Saturn 3 – Stanley Donen
Saturn 3. 1980.Origine : Royaume Uni |
Alors qu’il a raté les tests mentaux qui lui auraient permis de partir en mission, Benson tue le Capitaine James et se substitue à lui pour rejoindre Saturn 3, une station expérimentale en recherches alimentaires. Sur place, il est accueilli par Adam et Alex, deux scientifiques qui travaillent sur place depuis 3 ans. Passablement désagréable, Benson se pose en homme providentiel. Alors que le travail fourni sur Saturn 3 tarde à porter ses fruits, il présente aux deux scientifiques la solution miracle qui devrait tout résoudre, le robot dernier cri Hector. Or, connecté à l’esprit dérangé de Benson, Hector ne tarde pas à montrer de sérieux signes de dysfonctionnements. Pis, il acquiert bientôt sa propre conscience et décide de gérer la station à sa manière.

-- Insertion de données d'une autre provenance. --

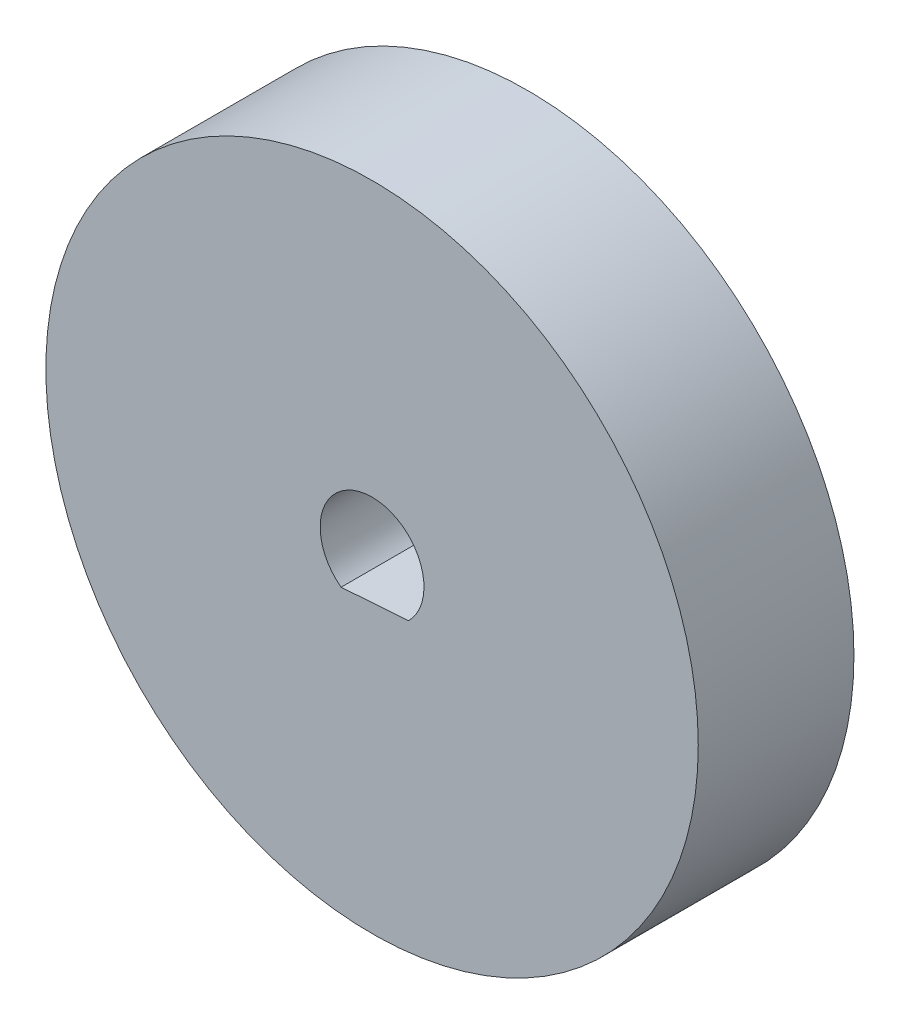
SolidWorks part; units mm, degrees
ref_plane "Front Plane" through (0, 0, 0) normal (0, 0, 1) x (1, 0, 0)
ref_plane "Top Plane" through (0, 0, 0) normal (0, 1, 0) x (1, 0, 0)
ref_plane "Right Plane" through (0, 0, 0) normal (1, 0, 0) x (0, 0, -1)
sketch "Sketch1" plane through (0, 0, 0) normal (0, 0, 1) x (1, 0, 0)
  circle A0 centre (0, 7.2896) radius 11.176
  dimension "D1" = 22.352
extrude "Boss-Extrude1" add sketch "Sketch1" along normal blind 5.334
sketch "Sketch2" plane through (0, 0, 0) normal (0, 0, -1) x (-1, 0, 0)
  line L1 (-1.2473, 6.0225) -> (1.0613, 5.8631)
  circle A0 centre (0, 7.2896) radius 1.778
  circle A1 centre (0, 7.2896) radius 11.176 construction
  dimension "D1" = 3.556
  dimension "D3" = 0
  dimension "D2" = 1.35
extrude "Cut-Extrude1" cut sketch "Sketch2" against normal through all contours L1 A0 region at (-0.0077, 7.4009, 0)
equation "\"MDF\"= .21in"
equation "\"Foamcore\"= .13in"
equation "\"Gmaterial\"= \"MDF\""
equation "\"D1@Boss-Extrude1\"=\"MDF\""

Voir le nom de Stanley Donen, plus connu pour ses comédies musicales (Chantons sous la pluie en collaboration avec Gene Kelly) ou ses fantaisies policières (Charade), rattaché à un film de space opera en dit long sur l’incroyable engouement né de l’improbable succès de La Guerre des étoiles. Depuis cette date, les films de science-fiction se déroulant dans l’espace se succèdent à un rythme soutenu alors qu’ils avaient été si peu nombreux suite à la sortie de 2001, l’odyssée de l’espace (Silent Running, Dark Star), peut-être trop intimidant par sa portée métaphysique et sa beauté plastique. Rien de tel avec le film de George Lucas qui au contraire désinhibe les studios au point qu’ils confient certains de leurs projets à des réalisateurs débutants. Responsable de la production artistique sur Orange mécanique, La Guerre des étoiles ou encore Superman, John Barry se voit donc offrir l’opportunité de réaliser son premier film. Or des différends artistiques, selon la formule consacrée, conduisent à son limogeage au profit de Stanley Donen, jusque là simple producteur, et qui récupère le bébé au pied levé. De son côté, John Barry n’a guère le temps de ruminer sa frustration puisqu’il intègre presque dans la foulée le tournage de L’Empire contre-attaque en qualité d’assistant réalisateur. Une aubaine dont il ne profitera pas pleinement, emporté en cours de tournage par une méningite le 1er juin 1979. Saturn 3 ne lui est pas dédié et il paraît difficile, encore aujourd’hui, de savoir ce que le produit fini contient de son apport.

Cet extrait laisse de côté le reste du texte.